I think describing Kakoune/Helix as vi-inspired with “slightly different keybindings” is rather missing the point.
The most important difference is that they invert the editing model from verb-noun to noun-verb. Meaning you always see exactly what you’re going to be operating on before you do it.
The second most important difference is that they were designed from the ground up around multi-selection editing as a primitive, rather than a plugin or late addition.
That model is typically less efficient purely in terms of keystrokes, for some operations significantly so, but it’s somewhat mitigated if having the state on-screen rather than in your head means you undo less often.

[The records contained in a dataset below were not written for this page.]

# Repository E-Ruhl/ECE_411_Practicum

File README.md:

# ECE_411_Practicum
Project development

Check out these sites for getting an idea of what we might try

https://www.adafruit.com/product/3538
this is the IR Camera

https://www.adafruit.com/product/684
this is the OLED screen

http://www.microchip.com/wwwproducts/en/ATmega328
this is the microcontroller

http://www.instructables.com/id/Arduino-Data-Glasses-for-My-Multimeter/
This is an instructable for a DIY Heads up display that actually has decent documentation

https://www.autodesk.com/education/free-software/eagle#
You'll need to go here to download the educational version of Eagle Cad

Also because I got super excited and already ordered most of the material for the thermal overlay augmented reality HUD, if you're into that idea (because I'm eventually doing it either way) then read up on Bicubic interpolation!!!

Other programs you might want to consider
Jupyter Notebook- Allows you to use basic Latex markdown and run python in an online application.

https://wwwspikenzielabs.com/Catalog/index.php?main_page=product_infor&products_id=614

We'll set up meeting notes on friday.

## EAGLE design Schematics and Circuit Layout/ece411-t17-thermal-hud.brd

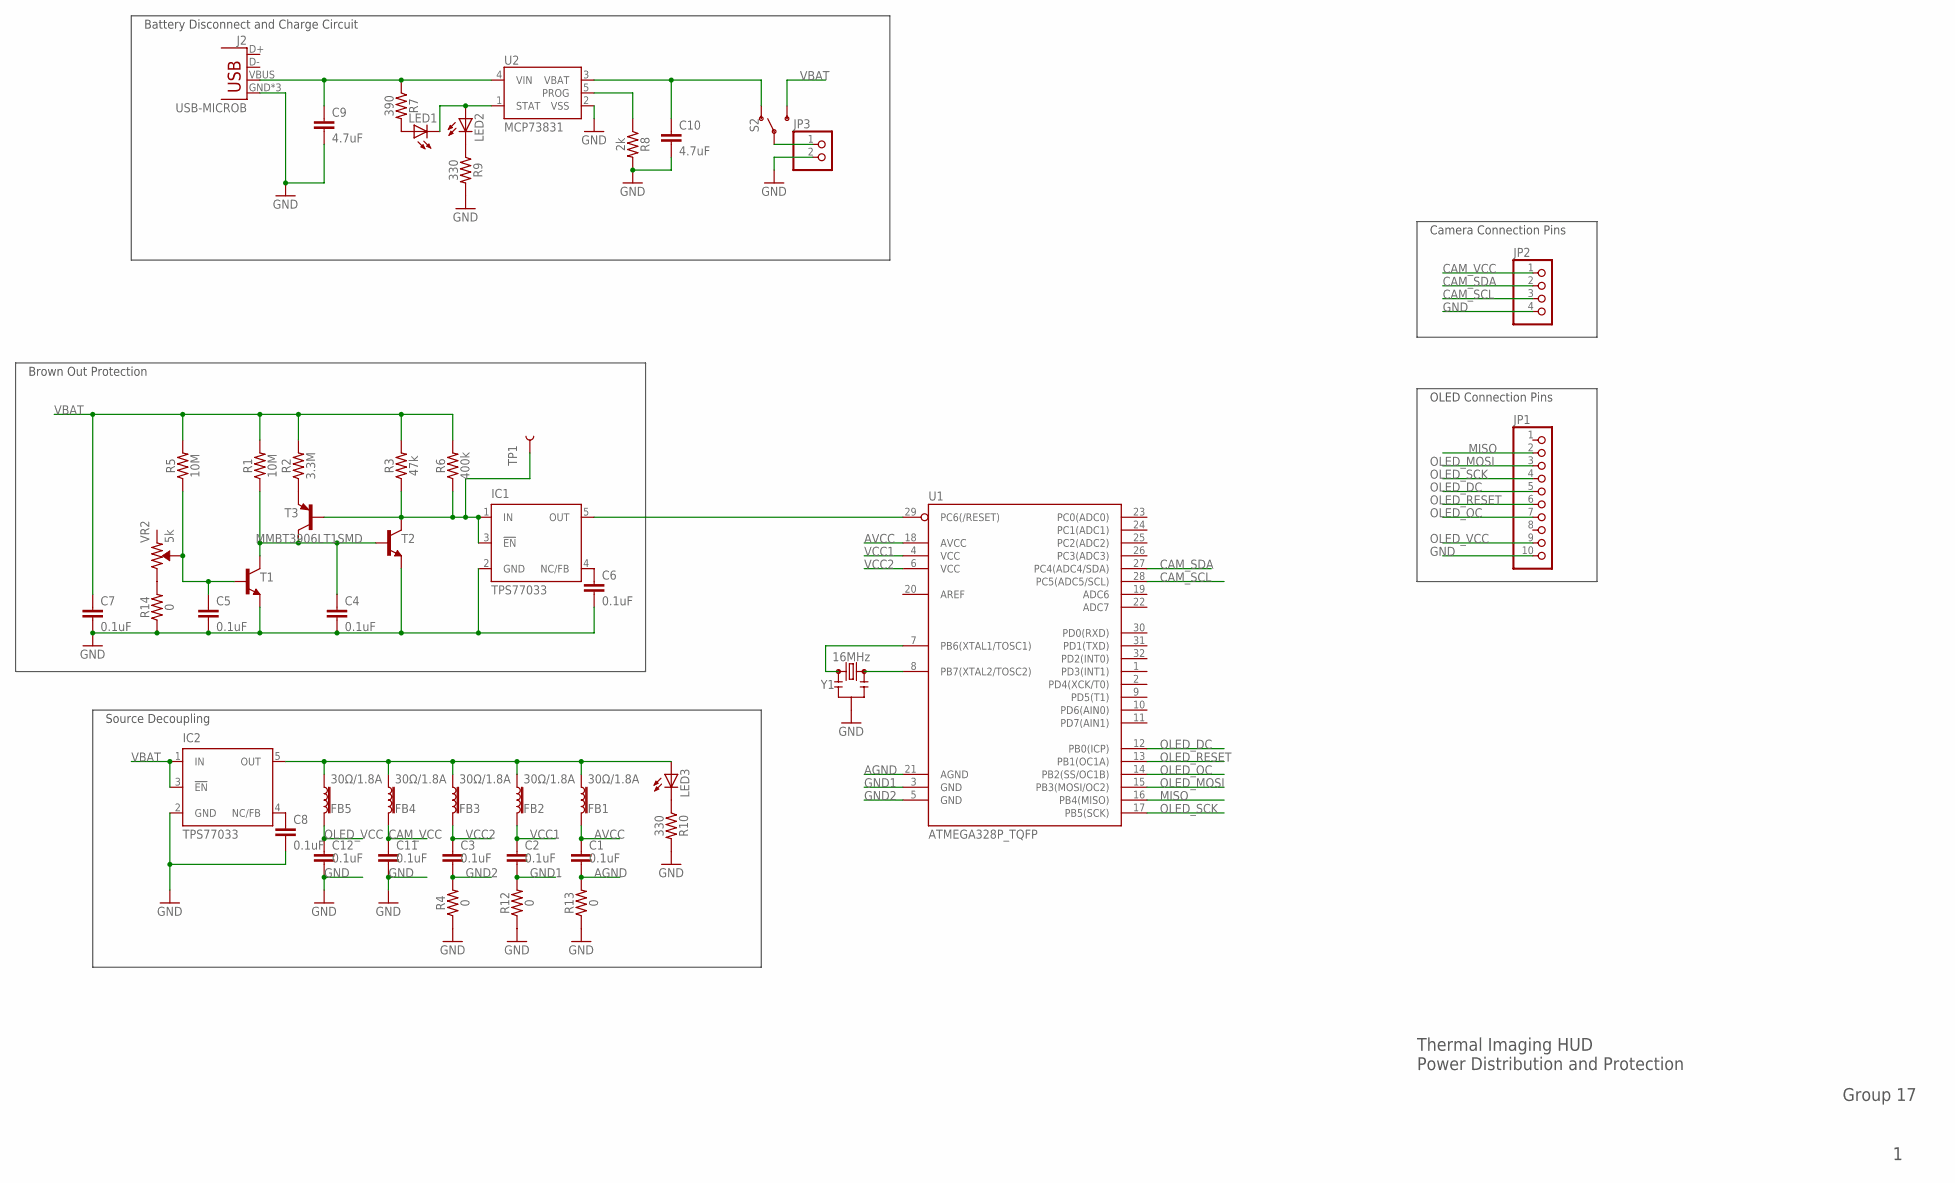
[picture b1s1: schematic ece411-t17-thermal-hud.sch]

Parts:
C1, C2, C3, C4, C5, C6, C7, C8, C11, C12: 0.1uF; 0603
C9, C10: 4.7uF; 0603
FB1, FB2, FB3, FB4, FB5: 30Ω/1.8A; 0603
IC1, IC2: TPS77033; SOT23-DBV
J2: USB-MICROB
JP1: PINHD-1X10/90; 1X10/90
JP2: PINHD-1X4/90; 1X04/90
JP3: PINHD-1X2/90; 1X02/90
LED1, LED2, LED3: LEDCHIPLED_0603; CHIPLED_0603
R1, R5: 10M; 0603
R2: 3.3M; 0603
R3: 47k; 0603
R4, R12, R13, R14: 0; 0603
R6: 400k; 0603
R7: 390; 0603
R8: 2k; 0603
R9, R10: 330; 0603
S2: SWITCH-SPDT-PTH-11.6X4.0MM; SWITCH_SPDT_PTH_11.6X4.0MM
T1, T2: MMBT3904LT1-NPN-SOT23-BEC; SOT23-BEC
T3: MMBT3906LT1SMD; SOT23-BEC
TP1: TEST-POINT3X5; PAD.03X.05
U1: ATMEGA328P_TQFP; TQFP32-08
U2: MCP73831; SOT23-5
VR2: 5k; TRIMPOT-SMD-5MM
Y1: 16MHz; RESONATOR-SMD-3.2X1.3

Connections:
AGND: C1.2, R13.2, U1.21 (AGND)
AVCC: C1.1, FB1.2, U1.18 (AVCC)
CAM_SCL: JP2.3, U1.28 (PC5(ADC5/SCL))
CAM_SDA: JP2.2, U1.27 (PC4(ADC4/SDA))
CAM_VCC: C11.1, FB4.2, JP2.1
GND: C4.2, C5.2, C6.2, C7.2, C8.2, C9.2, C10.2, C11.2, C12.2, IC1.2 (GND), IC2.2 (GND), J2.GND, J2.MT1 (GND), J2.MT2 (GND), JP1.10, JP2.4, JP3.2, R4.1, R8.2, R9.2, R10.2, R12.1, R13.1, R14.1, T1.E, T2.E, U2.2 (VSS), Y1.2
GND1: C2.2, R12.2, U1.3 (GND)
GND2: C3.2, R4.2, U1.5 (GND)
LIPO_POS: JP3.1, S2.2
MISO: JP1.2, U1.16 (PB4(MISO))
unnamed: IC1.1 (IN), IC1.3 (!EN), R3.1, R6.1, T2.C, T3.B, TP1.P$1
unnamed: C5.1, R5.1, T1.B, VR2.B (WIPER)
unnamed: IC1.5 (OUT), U1.29 (PC6(/RESET))
unnamed: C4.1, R1.1, T1.C, T2.B, T3.C
unnamed: R2.1, T3.E
unnamed: LED1.C, LED2.A, U2.1 (STAT)
unnamed: C6.1, IC1.4 (NC/FB)
unnamed: FB1.1, FB2.1, FB3.1, FB4.1, FB5.1, IC2.5 (OUT), LED3.A
unnamed: C8.1, IC2.4 (NC/FB)
unnamed: LED1.A, R7.2
unnamed: C9.1, J2.VBUS, R7.1, U2.4 (VIN)
unnamed: R8.1, U2.5 (PROG)
unnamed: C10.1, S2.1 (O), U2.3 (VBAT)
unnamed: R14.2, VR2.C (CW)
unnamed: U1.7 (PB6(XTAL1/TOSC1)), Y1.1
unnamed: U1.8 (PB7(XTAL2/TOSC2)), Y1.3
unnamed: LED2.C, R9.1
unnamed: LED3.C, R10.1
OLED_DC: JP1.5, U1.12 (PB0(ICP))
OLED_MOSI: JP1.3, U1.15 (PB3(MOSI/OC2))
OLED_OC: JP1.7, U1.14 (PB2(SS/OC1B))
OLED_RESET: JP1.6, U1.13 (PB1(OC1A))
OLED_SCK: JP1.4, U1.17 (PB5(SCK))
OLED_VCC: C12.1, FB5.2, JP1.9
VBAT: C7.1, IC2.1 (IN), IC2.3 (!EN), R1.2, R2.2, R3.2, R5.2, R6.2, S2.3 (S)
VCC1: C2.1, FB2.2, U1.4 (VCC)
VCC2: C3.1, FB3.2, U1.6 (VCC)

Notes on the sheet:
Battery Disconnect and Charge Circuit
Brown Out Protection
Source Decoupling
Camera Connection Pins
OLED Connection Pins
Group 17
Thermal Imaging HUD Power Distribution and Protection

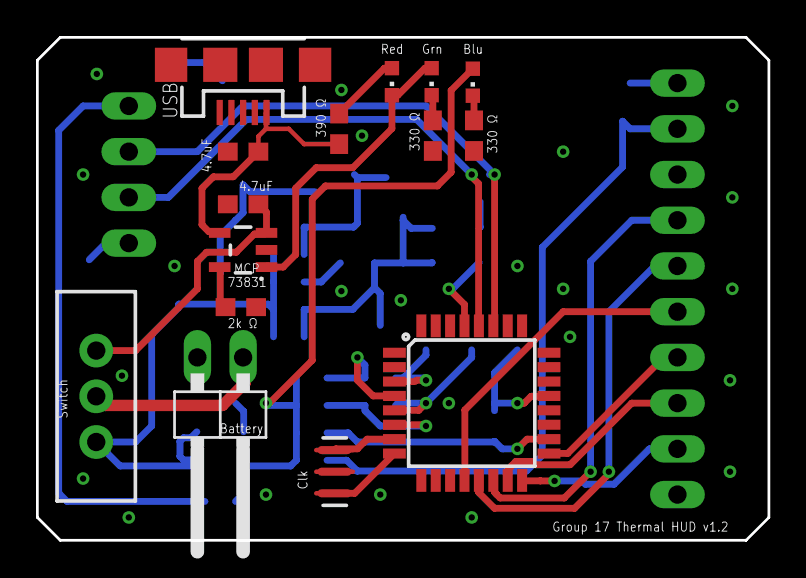
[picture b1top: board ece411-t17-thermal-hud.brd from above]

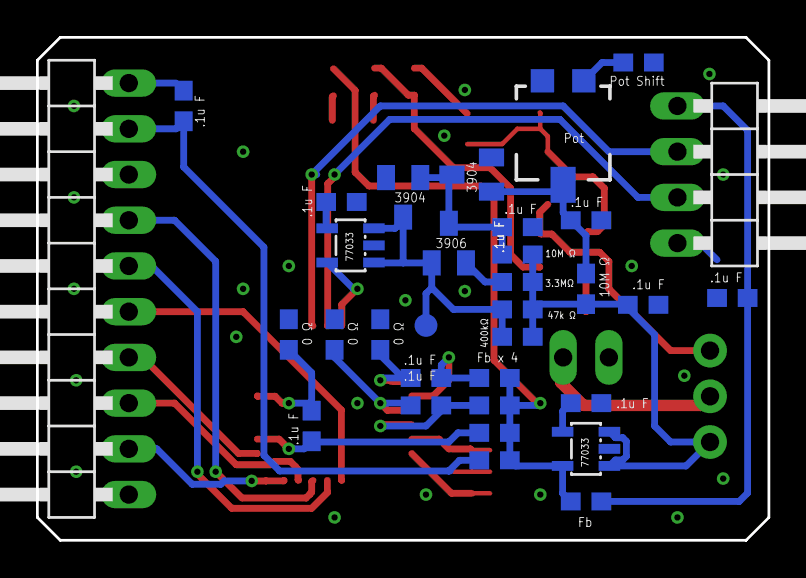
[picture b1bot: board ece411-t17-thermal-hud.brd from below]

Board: 2 copper layers, 40.6 x 27.9 mm, 48 parts (33 on the bottom side), 37 nets.

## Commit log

2017-10-09 finally ready
2017-10-10 This is our project ideas
2017-10-12 Documentation Files
2017-10-19 Create LICENSE
    MIT licence was chosen and added to the GitHub.
2017-10-20 Adafruit AMG8833 Thermal Camera Sensor Documentation
    Documentation for the Adafruit AMG8833 8x8 Thermal Camera Sensor that covers pinouts, wiring, testing, use and code libraries
2017-10-20 AMG88XX Technical Reference
    Technical Reference Document for the AMG88XX Infrared Array Sensor known as "Grid-EYE". Documentation contains characteristics, schematic and interfacing/use information for the AMG88XX
2017-10-20 Atmel ATmega 328 Datasheet
    Complete datasheet for the Atmel ATmega 328/P 8 bit AVR Microcontroller
2017-10-20 OLED Datasheet
    Technical reference document for the 96x64 RGB Dot Matrix OLED screen used in the design. Document contains design specifications and information on the SSD1331 Driver that is used by the device and 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
2017-10-20 Update README.md
    added links to website for OLED screen and microcontroller
2017-10-21 Create Arduino_PixelTest
    AMG8833 GridEYE 8x8 IR camera
2017-10-21 File was moved
2017-10-21 File was moved into a folder
2017-10-21 Test code for the SSD1331 using Arduino
    This code for a proof of concept using the SSD1331
2017-10-21 Adafruit_SSD1331.cpp for proof of concept
2017-10-21 Moved the Arduino test code for SSD1331
2017-10-21 File was moved to Arduino code folder
2017-10-21 Cpp file for proof of concept for SSD1331
2017-10-21 File moved to another folder
2017-10-21 Header file for the SSD1331 for proof of concept
2017-10-21 Datasheet for the SSD1331 OLED controller
2017-10-21 Moved to another folder
2017-10-21 Arduino cpp for proof of concept for AMG8833
2017-10-21 File was moved to another folder
2017-10-21 Header file for the AMG8833 for proof of concept
2017-10-21 Cpp file for the AMG8833 for proof of concept
2017-10-21 Add files via upload
    Pinout Diagram for Atmel ATmega328/P TQFP package
2017-10-21 Add files via upload
    Pinout diagram for Atmel ATmega328p DIP
2017-10-21 Description and Requirements for Practicum
    This document contains all of the requirements for our ECE411 Practicum Project
2017-10-21 Weekly Progress Report
2017-10-21 Create sch file for AMG8833
2017-10-21 Create a brd file for the AMG8833
2017-10-21 Create brd file for OLED screen
2017-10-21 Create sch file for the OLED screen
2017-10-26 Power and charging systems
2017-11-02 Added project timeline
2017-11-02 final Schematic
2017-11-03 Delete Atmel-42735-8-bit-AVR-Microcontroller-ATmega328-328P_Datasheet.pdf
    removed in order to relocate and clean up main page
2017-11-03 Delete ATMEGA328P-PU-BOOT - Layout01.jpg
    removed in order to relocate and clean up main page
2017-11-03 Delete atmega328-tqfp-arduino-pinout.jpg
    removed in order to relocate and clean up main page
2017-11-03 Atmel Atmega328P Datasheet
    The complete datasheet for the Atmel Atmega328P microprocessor
2017-11-03 Delete ReadMe.me
    Deleted ReadMe.me in order to recreate ReadMe file
2017-11-05 Adafruit OLED Breakout board file
2017-11-05 Adafruit OLED breakout schematic file
2017-11-05 Wrong board file
2017-11-05 Wrong schematic file
2017-11-07 Pre Layout
2017-11-08 pre-Layout
2017-11-09 Block diagram of the design
2017-11-10 altered board to fit OSH DRS
2017-11-10 PDF version of the project calendar
2017-11-10 Place project calendar into folder
2017-11-10 File was moved to Project Calendar folder
2017-11-10 Moved to the Project Calendar folder
2017-11-10 Add files via upload
    Nearest Neighbor averaging upscale
2017-11-13 Prototype Structure
2017-11-13 Added weekly progress reports
2017-11-14 Modification to thermal HUD code
    Changes from float variables to uint8_t variables
2017-11-14 Tried to fix errors to thermal HUD code
    The fixs applied fixed some of the errors, but more still need to be
    fixed.
2017-11-14 Cut unused functions from AMG88xx.cpp
    Functions that are not used by the readPixel function. The read pixel function is the only function being called by our main program file.
2017-11-14 Cut unused functions from the AMG88xx.h
    Removed unused function prototypes from the header file to reflect changes made to AMG88xx.cpp file.
2017-11-15 Update Thermal_HUD_bicubic.ino
    Multiple methods of selecting a color were added
2017-11-15 Delete interpolation.cpp
    functions were moved to main .ino file
2017-11-15 Delete Thermal_HUD.ino
    no longer trying to implement nearest neighbor average as an interpolation method
2017-11-15 Rename Thermal Imaging HUD code/Thermal_HUD_bicubic.ino to Thermal Imaging HUD code/Thermal_HUD_bicubic/Thermal_HUD_bicubic.ino
2017-11-15 Added prototyping photos
2017-11-15 Delete Thermal_HUD_bicubic.ino
    Odd merge issues leading to compilation errors
2017-11-16 Osh subit
2017-11-16 Changes for optimization
    Minor changes were made to optimize the code
2017-11-17 Added this weeks progress report
2017-11-17 Rename MeetingNotes_WPRs/Eric/Week 10_13_17 thru 10_19_17.txt to MeetingNotes_WPRs/WPR/Eric Ruhl/Week 10_13_17 thru 10_19_17.txt
2017-11-17 Rename MeetingNotes_WPRs/Eric/Week 10_20_17 thru 10_26_17.txt to MeetingNotes_WPRs/WPR/Eric Ruhl/Week 10_20_17 thru 10_26_17.txt
2017-11-17 Rename MeetingNotes_WPRs/Eric/Week 10_27_17 thru 11_2_17.txt to MeetingNotes_WPRs/WPR/Eric Ruhl/Week 10_27_17 thru 11_2_17.txt
2017-11-17 Rename MeetingNotes_WPRs/Eric/Week 10_6_17 thru 10_13_17.txt to MeetingNotes_WPRs/WPR/Eric Ruhl/Week 10_6_17 thru 10_13_17.txt
2017-11-17 Rename MeetingNotes_WPRs/Eric/Week 11_3_17 thru 11_9_17.txt to MeetingNotes_WPRs/WPR/Eric Ruhl/Week 11_3_17 thru 11_9_17.txt
2017-11-20 reorganized and added Test Sheet
2017-11-28 test doc
2017-11-28 Cut unused functions and added function definition
2017-11-30 Adjusted Structural Files
2017-12-01 test case update
2017-12-01 test plan submitted
2017-12-06 Added more photos to the project documentation
2017-12-06 Added the bill of materials

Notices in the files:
parts and their libraries:
SparkFun-Capacitors: Licensing: Creative Commons ShareAlike 4.0 International - https://creativecommons.org/licenses/by-sa/4.0

I wouldn’t suggest either approach is superior. I suspect most people (“most people” in the subset of people who jibe with modal editing to begin with, anyway) will find that one just fits their brain better than the other.
Personally, even having used Vim almost daily since finding it on a Fish Disk sometime in the mid-90s, I still turned out to be in the kak/hx group. I can still use vi quite comfortably when I need to, but Helix removed a bit of friction I’d barely been aware of.
There’s a steady stream of NeoVim exiles to Helix forums, I think who mostly found its Lua-based config too complex/brittle, asking why the devs don’t add settings to make it work like Vim, include a *Vim keymap as standard, etc.
It’s kind of wild to me that people would choose their editor based on how minimalist its config/how batteries-included it is, rather than its fundamental editing paradigm.